— What you need to do —
Stop after the line holding "#11=(NAMED_UNIT(*) PLANE_ANGLE_UNIT() SI_UNIT($,.RADIAN.));". Repeat exactly every line before it in the records below, that line too, and leave out the pictures.

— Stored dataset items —

┄┄┄┄┄┄┄┄┄┄┄┄┄┄┄┄┄┄┄┄

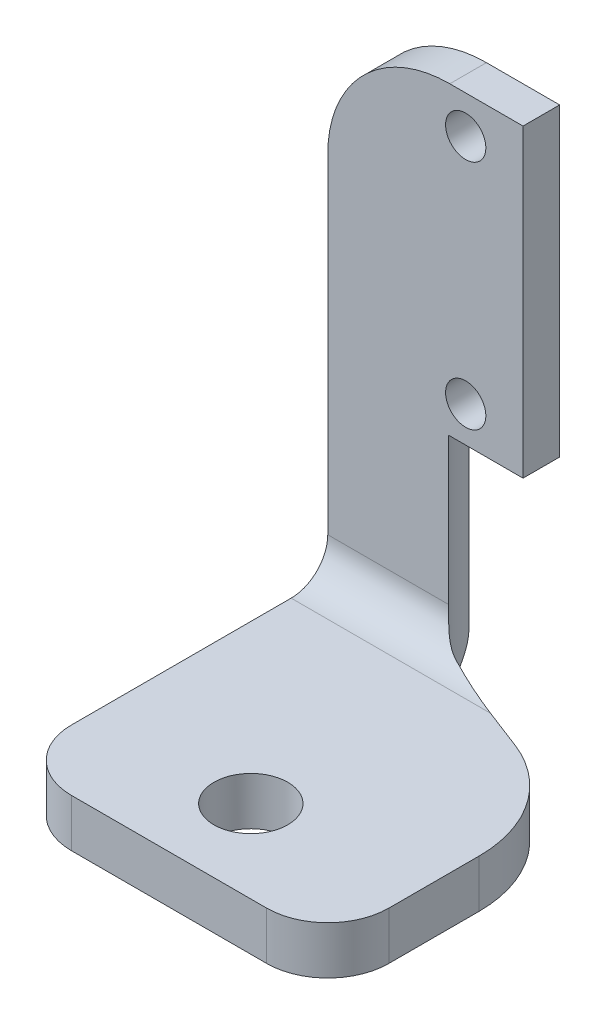
ISO-10303-21;
HEADER;
FILE_DESCRIPTION(('STEP AP214'),'2;1');
FILE_NAME('part.step','',(''),(''),'','','');
FILE_SCHEMA(('AUTOMOTIVE_DESIGN { 1 0 10303 214 1 1 1 1 }'));
ENDSEC;
DATA;
#1=APPLICATION_CONTEXT('core data for automotive mechanical design processes');
#2=APPLICATION_PROTOCOL_DEFINITION('international standard','automotive_design',2000,#1);
#3=PRODUCT_CONTEXT('',#1,'mechanical');
#4=PRODUCT('Part','Part','',(#3));
#5=PRODUCT_RELATED_PRODUCT_CATEGORY('part','',(#4));
#6=PRODUCT_DEFINITION_FORMATION('','',#4);
#7=PRODUCT_DEFINITION_CONTEXT('part definition',#1,'design');
#8=PRODUCT_DEFINITION('design','',#6,#7);
#9=PRODUCT_DEFINITION_SHAPE('','',#8);
#10=(LENGTH_UNIT() NAMED_UNIT(*) SI_UNIT(.MILLI.,.METRE.));
#11=(NAMED_UNIT(*) PLANE_ANGLE_UNIT() SI_UNIT($,.RADIAN.));
#12=(NAMED_UNIT(*) SI_UNIT($,.STERADIAN.) SOLID_ANGLE_UNIT());
#13=UNCERTAINTY_MEASURE_WITH_UNIT(LENGTH_MEASURE(1.E-05),#10,'distance_accuracy_value','');
#14=(GEOMETRIC_REPRESENTATION_CONTEXT(3) GLOBAL_UNCERTAINTY_ASSIGNED_CONTEXT((#13)) GLOBAL_UNIT_ASSIGNED_CONTEXT((#10,
#11,#12)) REPRESENTATION_CONTEXT('',''));
#15=CARTESIAN_POINT('',(0.,0.,0.));
#16=DIRECTION('',(0.,0.,1.));
#17=DIRECTION('',(1.,0.,0.));
#18=AXIS2_PLACEMENT_3D('',#15,#16,#17);
#19=CARTESIAN_POINT('',(-56.,0.,-3.));
#20=DIRECTION('',(-1.,0.,0.));
#21=DIRECTION('',(0.,-1.,0.));
#22=AXIS2_PLACEMENT_3D('',#19,#20,#21);
#23=PLANE('',#22);
#24=DIRECTION('',(0.,0.,-1.));
#25=VECTOR('',#24,1.);
#26=CARTESIAN_POINT('',(-56.,-3.92666866221497,32.));
#27=LINE('',#26,#25);
#28=CARTESIAN_POINT('',(-56.,-3.92666866221497,21.));
#29=VERTEX_POINT('',#28);
#30=CARTESIAN_POINT('',(-56.,-3.92666866221497,0.));
#31=VERTEX_POINT('',#30);
#32=EDGE_CURVE('E205',#29,#31,#27,.T.);
#33=ORIENTED_EDGE('',*,*,#32,.F.);
#34=DIRECTION('',(0.,1.,0.));
#35=VECTOR('',#34,1.);
#36=CARTESIAN_POINT('',(-56.,0.,21.));
#37=LINE('',#36,#35);
#38=CARTESIAN_POINT('',(-56.,0.,21.));
#39=VERTEX_POINT('',#38);
#40=EDGE_CURVE('E11',#29,#39,#37,.T.);
#41=ORIENTED_EDGE('',*,*,#40,.T.);
#42=DIRECTION('',(0.,0.,-1.));
#43=VECTOR('',#42,1.);
#44=CARTESIAN_POINT('',(-56.,0.,32.));
#45=LINE('',#44,#43);
#46=CARTESIAN_POINT('',(-56.,0.,3.));
#47=VERTEX_POINT('',#46);
#48=EDGE_CURVE('E212',#39,#47,#45,.T.);
#49=ORIENTED_EDGE('',*,*,#48,.T.);
#50=CARTESIAN_POINT('',(-56.,3.,3.));
#51=DIRECTION('',(-1.,0.,0.));
#52=DIRECTION('',(0.,-1.,0.));
#53=AXIS2_PLACEMENT_3D('',#50,#51,#52);
#54=CIRCLE('',#53,3.);
#55=CARTESIAN_POINT('',(-56.,3.,0.));
#56=VERTEX_POINT('',#55);
#57=EDGE_CURVE('E379',#47,#56,#54,.F.);
#58=ORIENTED_EDGE('',*,*,#57,.T.);
#59=DIRECTION('',(0.,-1.,0.));
#60=VECTOR('',#59,1.);
#61=CARTESIAN_POINT('',(-56.,0.,0.));
#62=LINE('',#61,#60);
#63=CARTESIAN_POINT('',(-56.0000000000001,30.,0.));
#64=VERTEX_POINT('',#63);
#65=EDGE_CURVE('E177',#64,#56,#62,.T.);
#66=ORIENTED_EDGE('',*,*,#65,.F.);
#67=DIRECTION('',(0.,0.,1.));
#68=VECTOR('',#67,1.);
#69=CARTESIAN_POINT('',(-56.0000000000001,30.,-3.));
#70=LINE('',#69,#68);
#71=CARTESIAN_POINT('',(-56.0000000000001,30.,-3.));
#72=VERTEX_POINT('',#71);
#73=EDGE_CURVE('E390',#64,#72,#70,.F.);
#74=ORIENTED_EDGE('',*,*,#73,.T.);
#75=DIRECTION('',(0.,-1.,0.));
#76=VECTOR('',#75,1.);
#77=CARTESIAN_POINT('',(-56.,0.,-3.));
#78=LINE('',#77,#76);
#79=CARTESIAN_POINT('',(-56.,-0.926668662214968,-3.));
#80=VERTEX_POINT('',#79);
#81=EDGE_CURVE('E190',#72,#80,#78,.T.);
#82=ORIENTED_EDGE('',*,*,#81,.T.);
#83=CARTESIAN_POINT('',(-56.,-0.926668662214968,0.));
#84=DIRECTION('',(-1.,0.,0.));
#85=DIRECTION('',(0.,-1.,0.));
#86=AXIS2_PLACEMENT_3D('',#83,#84,#85);
#87=CIRCLE('',#86,3.);
#88=EDGE_CURVE('E405',#80,#31,#87,.T.);
#89=ORIENTED_EDGE('',*,*,#88,.T.);
#90=EDGE_LOOP('',(#33,#41,#49,#58,#66,#74,#82,#89));
#91=FACE_BOUND('',#90,.T.);
#92=ADVANCED_FACE('F33',(#91),#23,.T.);
#93=CARTESIAN_POINT('',(-40.0000000000001,40.,-3.));
#94=DIRECTION('',(0.,1.,0.));
#95=DIRECTION('',(-1.,0.,0.));
#96=AXIS2_PLACEMENT_3D('',#93,#94,#95);
#97=PLANE('',#96);
#98=DIRECTION('',(-1.,0.,0.));
#99=VECTOR('',#98,1.);
#100=CARTESIAN_POINT('',(-40.0000000000001,40.,-3.));
#101=LINE('',#100,#99);
#102=CARTESIAN_POINT('',(-40.0000000000001,40.,-3.));
#103=VERTEX_POINT('',#102);
#104=CARTESIAN_POINT('',(-46.0000000000001,40.,-3.));
#105=VERTEX_POINT('',#104);
#106=EDGE_CURVE('E194',#103,#105,#101,.T.);
#107=ORIENTED_EDGE('',*,*,#106,.T.);
#108=DIRECTION('',(0.,0.,1.));
#109=VECTOR('',#108,1.);
#110=CARTESIAN_POINT('',(-46.0000000000001,40.,-3.));
#111=LINE('',#110,#109);
#112=CARTESIAN_POINT('',(-46.0000000000001,40.,0.));
#113=VERTEX_POINT('',#112);
#114=EDGE_CURVE('E381',#105,#113,#111,.T.);
#115=ORIENTED_EDGE('',*,*,#114,.T.);
#116=DIRECTION('',(-1.,0.,0.));
#117=VECTOR('',#116,1.);
#118=CARTESIAN_POINT('',(-40.0000000000001,40.,0.));
#119=LINE('',#118,#117);
#120=CARTESIAN_POINT('',(-40.0000000000001,40.,0.));
#121=VERTEX_POINT('',#120);
#122=EDGE_CURVE('E174',#121,#113,#119,.T.);
#123=ORIENTED_EDGE('',*,*,#122,.F.);
#124=DIRECTION('',(0.,0.,1.));
#125=VECTOR('',#124,1.);
#126=CARTESIAN_POINT('',(-40.0000000000001,40.,-3.));
#127=LINE('',#126,#125);
#128=EDGE_CURVE('E172',#103,#121,#127,.T.);
#129=ORIENTED_EDGE('',*,*,#128,.F.);
#130=EDGE_LOOP('',(#107,#115,#123,#129));
#131=FACE_BOUND('',#130,.T.);
#132=ADVANCED_FACE('F290',(#131),#97,.T.);
#133=CARTESIAN_POINT('',(-40.,0.,-3.));
#134=DIRECTION('',(1.,0.,0.));
#135=DIRECTION('',(0.,1.,0.));
#136=AXIS2_PLACEMENT_3D('',#133,#134,#135);
#137=PLANE('',#136);
#138=DIRECTION('',(0.,0.,1.));
#139=VECTOR('',#138,1.);
#140=CARTESIAN_POINT('',(-40.,15.0117609543297,-35.));
#141=LINE('',#140,#139);
#142=CARTESIAN_POINT('',(-40.,15.0117609543297,-3.));
#143=VERTEX_POINT('',#142);
#144=CARTESIAN_POINT('',(-40.,15.0117609543297,0.));
#145=VERTEX_POINT('',#144);
#146=EDGE_CURVE('E148',#143,#145,#141,.T.);
#147=ORIENTED_EDGE('',*,*,#146,.F.);
#148=DIRECTION('',(0.,1.,0.));
#149=VECTOR('',#148,1.);
#150=CARTESIAN_POINT('',(-40.,0.,-3.));
#151=LINE('',#150,#149);
#152=EDGE_CURVE('E197',#143,#103,#151,.T.);
#153=ORIENTED_EDGE('',*,*,#152,.T.);
#154=ORIENTED_EDGE('',*,*,#128,.T.);
#155=DIRECTION('',(0.,1.,0.));
#156=VECTOR('',#155,1.);
#157=CARTESIAN_POINT('',(-40.,0.,0.));
#158=LINE('',#157,#156);
#159=EDGE_CURVE('E164',#145,#121,#158,.T.);
#160=ORIENTED_EDGE('',*,*,#159,.F.);
#161=EDGE_LOOP('',(#147,#153,#154,#160));
#162=FACE_BOUND('',#161,.T.);
#163=ADVANCED_FACE('F170',(#162),#137,.T.);
#164=CARTESIAN_POINT('',(0.,0.,-3.));
#165=DIRECTION('',(0.,0.,-1.));
#166=DIRECTION('',(-1.,0.,0.));
#167=AXIS2_PLACEMENT_3D('',#164,#165,#166);
#168=PLANE('',#167);
#169=DIRECTION('',(0.,1.,0.));
#170=VECTOR('',#169,1.);
#171=CARTESIAN_POINT('',(-47.4403042400917,0.,-3.));
#172=LINE('',#171,#170);
#173=CARTESIAN_POINT('',(-47.4403042400917,-0.926668662214969,-3.));
#174=VERTEX_POINT('',#173);
#175=CARTESIAN_POINT('',(-47.4403042400917,15.0117609543297,-3.));
#176=VERTEX_POINT('',#175);
#177=EDGE_CURVE('E159',#174,#176,#172,.T.);
#178=ORIENTED_EDGE('',*,*,#177,.F.);
#179=DIRECTION('',(-1.,0.,0.));
#180=VECTOR('',#179,1.);
#181=CARTESIAN_POINT('',(0.,-0.926668662214974,-3.));
#182=LINE('',#181,#180);
#183=EDGE_CURVE('E343',#174,#80,#182,.T.);
#184=ORIENTED_EDGE('',*,*,#183,.T.);
#185=ORIENTED_EDGE('',*,*,#81,.F.);
#186=CARTESIAN_POINT('',(-46.0000000000001,30.,-3.));
#187=DIRECTION('',(0.,0.,-1.));
#188=DIRECTION('',(-1.,0.,0.));
#189=AXIS2_PLACEMENT_3D('',#186,#187,#188);
#190=CIRCLE('',#189,10.);
#191=EDGE_CURVE('E392',#72,#105,#190,.T.);
#192=ORIENTED_EDGE('',*,*,#191,.T.);
#193=ORIENTED_EDGE('',*,*,#106,.F.);
#194=ORIENTED_EDGE('',*,*,#152,.F.);
#195=DIRECTION('',(1.,0.,0.));
#196=VECTOR('',#195,1.);
#197=CARTESIAN_POINT('',(0.,15.0117609543297,-3.));
#198=LINE('',#197,#196);
#199=EDGE_CURVE('E155',#176,#143,#198,.T.);
#200=ORIENTED_EDGE('',*,*,#199,.F.);
#201=EDGE_LOOP('',(#178,#184,#185,#192,#193,#194,#200));
#202=FACE_BOUND('',#201,.T.);
#203=CARTESIAN_POINT('',(-44.6972888026245,36.9210568994333,-3.));
#204=DIRECTION('',(0.,0.,1.));
#205=DIRECTION('',(1.,0.,0.));
#206=AXIS2_PLACEMENT_3D('',#203,#204,#205);
#207=CIRCLE('',#206,1.65);
#208=CARTESIAN_POINT('',(-43.0472888026245,36.9210568994333,-3.));
#209=VERTEX_POINT('',#208);
#210=EDGE_CURVE('E200',#209,#209,#207,.T.);
#211=ORIENTED_EDGE('',*,*,#210,.T.);
#212=EDGE_LOOP('',(#211));
#213=FACE_BOUND('',#212,.T.);
#214=CARTESIAN_POINT('',(-44.6972888026245,17.9210568994333,-3.));
#215=DIRECTION('',(0.,0.,1.));
#216=DIRECTION('',(1.,0.,0.));
#217=AXIS2_PLACEMENT_3D('',#214,#215,#216);
#218=CIRCLE('',#217,1.65);
#219=CARTESIAN_POINT('',(-43.0472888026245,17.9210568994333,-3.));
#220=VERTEX_POINT('',#219);
#221=EDGE_CURVE('E175',#220,#220,#218,.T.);
#222=ORIENTED_EDGE('',*,*,#221,.T.);
#223=EDGE_LOOP('',(#222));
#224=FACE_BOUND('',#223,.T.);
#225=ADVANCED_FACE('F301',(#202,#213,#224),#168,.T.);
#226=CARTESIAN_POINT('',(0.,0.,0.));
#227=DIRECTION('',(0.,0.,-1.));
#228=DIRECTION('',(-1.,0.,0.));
#229=AXIS2_PLACEMENT_3D('',#226,#227,#228);
#230=PLANE('',#229);
#231=CARTESIAN_POINT('',(-44.6972888026245,36.9210568994333,0.));
#232=DIRECTION('',(0.,0.,1.));
#233=DIRECTION('',(1.,0.,0.));
#234=AXIS2_PLACEMENT_3D('',#231,#232,#233);
#235=CIRCLE('',#234,1.65);
#236=CARTESIAN_POINT('',(-43.0472888026245,36.9210568994333,0.));
#237=VERTEX_POINT('',#236);
#238=EDGE_CURVE('E202',#237,#237,#235,.T.);
#239=ORIENTED_EDGE('',*,*,#238,.F.);
#240=EDGE_LOOP('',(#239));
#241=FACE_BOUND('',#240,.T.);
#242=CARTESIAN_POINT('',(-44.6972888026245,17.9210568994333,0.));
#243=DIRECTION('',(0.,0.,1.));
#244=DIRECTION('',(1.,0.,0.));
#245=AXIS2_PLACEMENT_3D('',#242,#243,#244);
#246=CIRCLE('',#245,1.65);
#247=CARTESIAN_POINT('',(-43.0472888026245,17.9210568994333,0.));
#248=VERTEX_POINT('',#247);
#249=EDGE_CURVE('E180',#248,#248,#246,.T.);
#250=ORIENTED_EDGE('',*,*,#249,.F.);
#251=EDGE_LOOP('',(#250));
#252=FACE_BOUND('',#251,.T.);
#253=ORIENTED_EDGE('',*,*,#122,.T.);
#254=CARTESIAN_POINT('',(-46.0000000000001,30.,0.));
#255=DIRECTION('',(0.,0.,-1.));
#256=DIRECTION('',(-1.,0.,0.));
#257=AXIS2_PLACEMENT_3D('',#254,#255,#256);
#258=CIRCLE('',#257,10.);
#259=EDGE_CURVE('E384',#113,#64,#258,.F.);
#260=ORIENTED_EDGE('',*,*,#259,.T.);
#261=ORIENTED_EDGE('',*,*,#65,.T.);
#262=DIRECTION('',(1.,0.,0.));
#263=VECTOR('',#262,1.);
#264=CARTESIAN_POINT('',(0.,3.,0.));
#265=LINE('',#264,#263);
#266=CARTESIAN_POINT('',(-46.0900985022477,3.,0.));
#267=VERTEX_POINT('',#266);
#268=EDGE_CURVE('E186',#56,#267,#265,.T.);
#269=ORIENTED_EDGE('',*,*,#268,.T.);
#270=DIRECTION('',(0.,-1.,0.));
#271=VECTOR('',#270,1.);
#272=CARTESIAN_POINT('',(-46.0900985022477,3.,0.));
#273=LINE('',#272,#271);
#274=CARTESIAN_POINT('',(-46.0900985022477,15.0117609543297,0.));
#275=VERTEX_POINT('',#274);
#276=EDGE_CURVE('E167',#267,#275,#273,.F.);
#277=ORIENTED_EDGE('',*,*,#276,.T.);
#278=DIRECTION('',(-1.,0.,0.));
#279=VECTOR('',#278,1.);
#280=CARTESIAN_POINT('',(-40.,15.0117609543297,0.));
#281=LINE('',#280,#279);
#282=EDGE_CURVE('E152',#145,#275,#281,.T.);
#283=ORIENTED_EDGE('',*,*,#282,.F.);
#284=ORIENTED_EDGE('',*,*,#159,.T.);
#285=EDGE_LOOP('',(#253,#260,#261,#269,#277,#283,#284));
#286=FACE_BOUND('',#285,.T.);
#287=ADVANCED_FACE('F163',(#241,#252,#286),#230,.F.);
#288=CARTESIAN_POINT('',(-44.6972888026245,17.9210568994333,-3.));
#289=DIRECTION('',(0.,0.,1.));
#290=DIRECTION('',(1.,0.,0.));
#291=AXIS2_PLACEMENT_3D('',#288,#289,#290);
#292=CYLINDRICAL_SURFACE('',#291,1.65);
#293=ORIENTED_EDGE('',*,*,#221,.F.);
#294=EDGE_LOOP('',(#293));
#295=FACE_BOUND('',#294,.T.);
#296=ORIENTED_EDGE('',*,*,#249,.T.);
#297=EDGE_LOOP('',(#296));
#298=FACE_BOUND('',#297,.T.);
#299=ADVANCED_FACE('F300',(#295,#298),#292,.F.);
#300=CARTESIAN_POINT('',(-44.6972888026245,36.9210568994333,-3.));
#301=DIRECTION('',(0.,0.,1.));
#302=DIRECTION('',(1.,0.,0.));
#303=AXIS2_PLACEMENT_3D('',#300,#301,#302);
#304=CYLINDRICAL_SURFACE('',#303,1.65);
#305=ORIENTED_EDGE('',*,*,#210,.F.);
#306=EDGE_LOOP('',(#305));
#307=FACE_BOUND('',#306,.T.);
#308=ORIENTED_EDGE('',*,*,#238,.T.);
#309=EDGE_LOOP('',(#308));
#310=FACE_BOUND('',#309,.T.);
#311=ADVANCED_FACE('F308',(#307,#310),#304,.F.);
#312=CARTESIAN_POINT('',(-56.,0.,32.));
#313=DIRECTION('',(0.,1.,0.));
#314=DIRECTION('',(-1.,0.,0.));
#315=AXIS2_PLACEMENT_3D('',#312,#313,#314);
#316=PLANE('',#315);
#317=DIRECTION('',(-1.,0.,0.));
#318=VECTOR('',#317,1.);
#319=CARTESIAN_POINT('',(-56.,0.,26.));
#320=LINE('',#319,#318);
#321=CARTESIAN_POINT('',(-35.,0.,26.));
#322=VERTEX_POINT('',#321);
#323=CARTESIAN_POINT('',(-51.,0.,26.));
#324=VERTEX_POINT('',#323);
#325=EDGE_CURVE('E239',#322,#324,#320,.T.);
#326=ORIENTED_EDGE('',*,*,#325,.F.);
#327=CARTESIAN_POINT('',(-35.,0.,21.));
#328=DIRECTION('',(0.,1.,0.));
#329=DIRECTION('',(-1.,0.,0.));
#330=AXIS2_PLACEMENT_3D('',#327,#328,#329);
#331=CIRCLE('',#330,5.);
#332=CARTESIAN_POINT('',(-30.,0.,21.));
#333=VERTEX_POINT('',#332);
#334=EDGE_CURVE('E219',#322,#333,#331,.T.);
#335=ORIENTED_EDGE('',*,*,#334,.T.);
#336=DIRECTION('',(0.,0.,1.));
#337=VECTOR('',#336,1.);
#338=CARTESIAN_POINT('',(-30.,0.,-3.));
#339=LINE('',#338,#337);
#340=CARTESIAN_POINT('',(-30.,0.,13.5880294928334));
#341=VERTEX_POINT('',#340);
#342=EDGE_CURVE('E168',#341,#333,#339,.T.);
#343=ORIENTED_EDGE('',*,*,#342,.F.);
#344=CARTESIAN_POINT('',(-40.,0.,13.5880294928334));
#345=DIRECTION('',(0.,1.,0.));
#346=DIRECTION('',(-1.,0.,0.));
#347=AXIS2_PLACEMENT_3D('',#344,#345,#346);
#348=CIRCLE('',#347,10.);
#349=CARTESIAN_POINT('',(-36.4012033205218,0.,4.25804222275761));
#350=VERTEX_POINT('',#349);
#351=EDGE_CURVE('E401',#341,#350,#348,.T.);
#352=ORIENTED_EDGE('',*,*,#351,.T.);
#353=DIRECTION('',(0.932998727007579,0.,0.359879667947825));
#354=VECTOR('',#353,1.);
#355=CARTESIAN_POINT('',(-47.4403042400917,0.,0.));
#356=LINE('',#355,#354);
#357=CARTESIAN_POINT('',(-39.6627151448708,0.,3.));
#358=VERTEX_POINT('',#357);
#359=EDGE_CURVE('E357',#358,#350,#356,.T.);
#360=ORIENTED_EDGE('',*,*,#359,.F.);
#361=DIRECTION('',(1.,0.,0.));
#362=VECTOR('',#361,1.);
#363=CARTESIAN_POINT('',(-56.,0.,3.));
#364=LINE('',#363,#362);
#365=EDGE_CURVE('E374',#358,#47,#364,.F.);
#366=ORIENTED_EDGE('',*,*,#365,.T.);
#367=ORIENTED_EDGE('',*,*,#48,.F.);
#368=CARTESIAN_POINT('',(-51.,0.,21.));
#369=DIRECTION('',(0.,1.,0.));
#370=DIRECTION('',(-1.,0.,0.));
#371=AXIS2_PLACEMENT_3D('',#368,#369,#370);
#372=CIRCLE('',#371,5.);
#373=EDGE_CURVE('E217',#39,#324,#372,.T.);
#374=ORIENTED_EDGE('',*,*,#373,.T.);
#375=EDGE_LOOP('',(#326,#335,#343,#352,#360,#366,#367,#374));
#376=FACE_BOUND('',#375,.T.);
#377=CARTESIAN_POINT('',(-43.0769344917186,0.,19.2271376874903));
#378=DIRECTION('',(0.,1.,0.));
#379=DIRECTION('',(-1.,0.,0.));
#380=AXIS2_PLACEMENT_3D('',#377,#378,#379);
#381=CIRCLE('',#380,3.025);
#382=CARTESIAN_POINT('',(-46.1019344917186,0.,19.2271376874903));
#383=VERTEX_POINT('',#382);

┄┄┄┄┄┄┄┄┄┄┄┄┄┄┄┄┄┄┄┄

— Result of the exercise —
ISO-10303-21;
HEADER;
FILE_DESCRIPTION(('STEP AP214'),'2;1');
FILE_NAME('part.step','',(''),(''),'','','');
FILE_SCHEMA(('AUTOMOTIVE_DESIGN { 1 0 10303 214 1 1 1 1 }'));
ENDSEC;
DATA;
#1=APPLICATION_CONTEXT('core data for automotive mechanical design processes');
#2=APPLICATION_PROTOCOL_DEFINITION('international standard','automotive_design',2000,#1);
#3=PRODUCT_CONTEXT('',#1,'mechanical');
#4=PRODUCT('Part','Part','',(#3));
#5=PRODUCT_RELATED_PRODUCT_CATEGORY('part','',(#4));
#6=PRODUCT_DEFINITION_FORMATION('','',#4);
#7=PRODUCT_DEFINITION_CONTEXT('part definition',#1,'design');
#8=PRODUCT_DEFINITION('design','',#6,#7);
#9=PRODUCT_DEFINITION_SHAPE('','',#8);
#10=(LENGTH_UNIT() NAMED_UNIT(*) SI_UNIT(.MILLI.,.METRE.));
#11=(NAMED_UNIT(*) PLANE_ANGLE_UNIT() SI_UNIT($,.RADIAN.));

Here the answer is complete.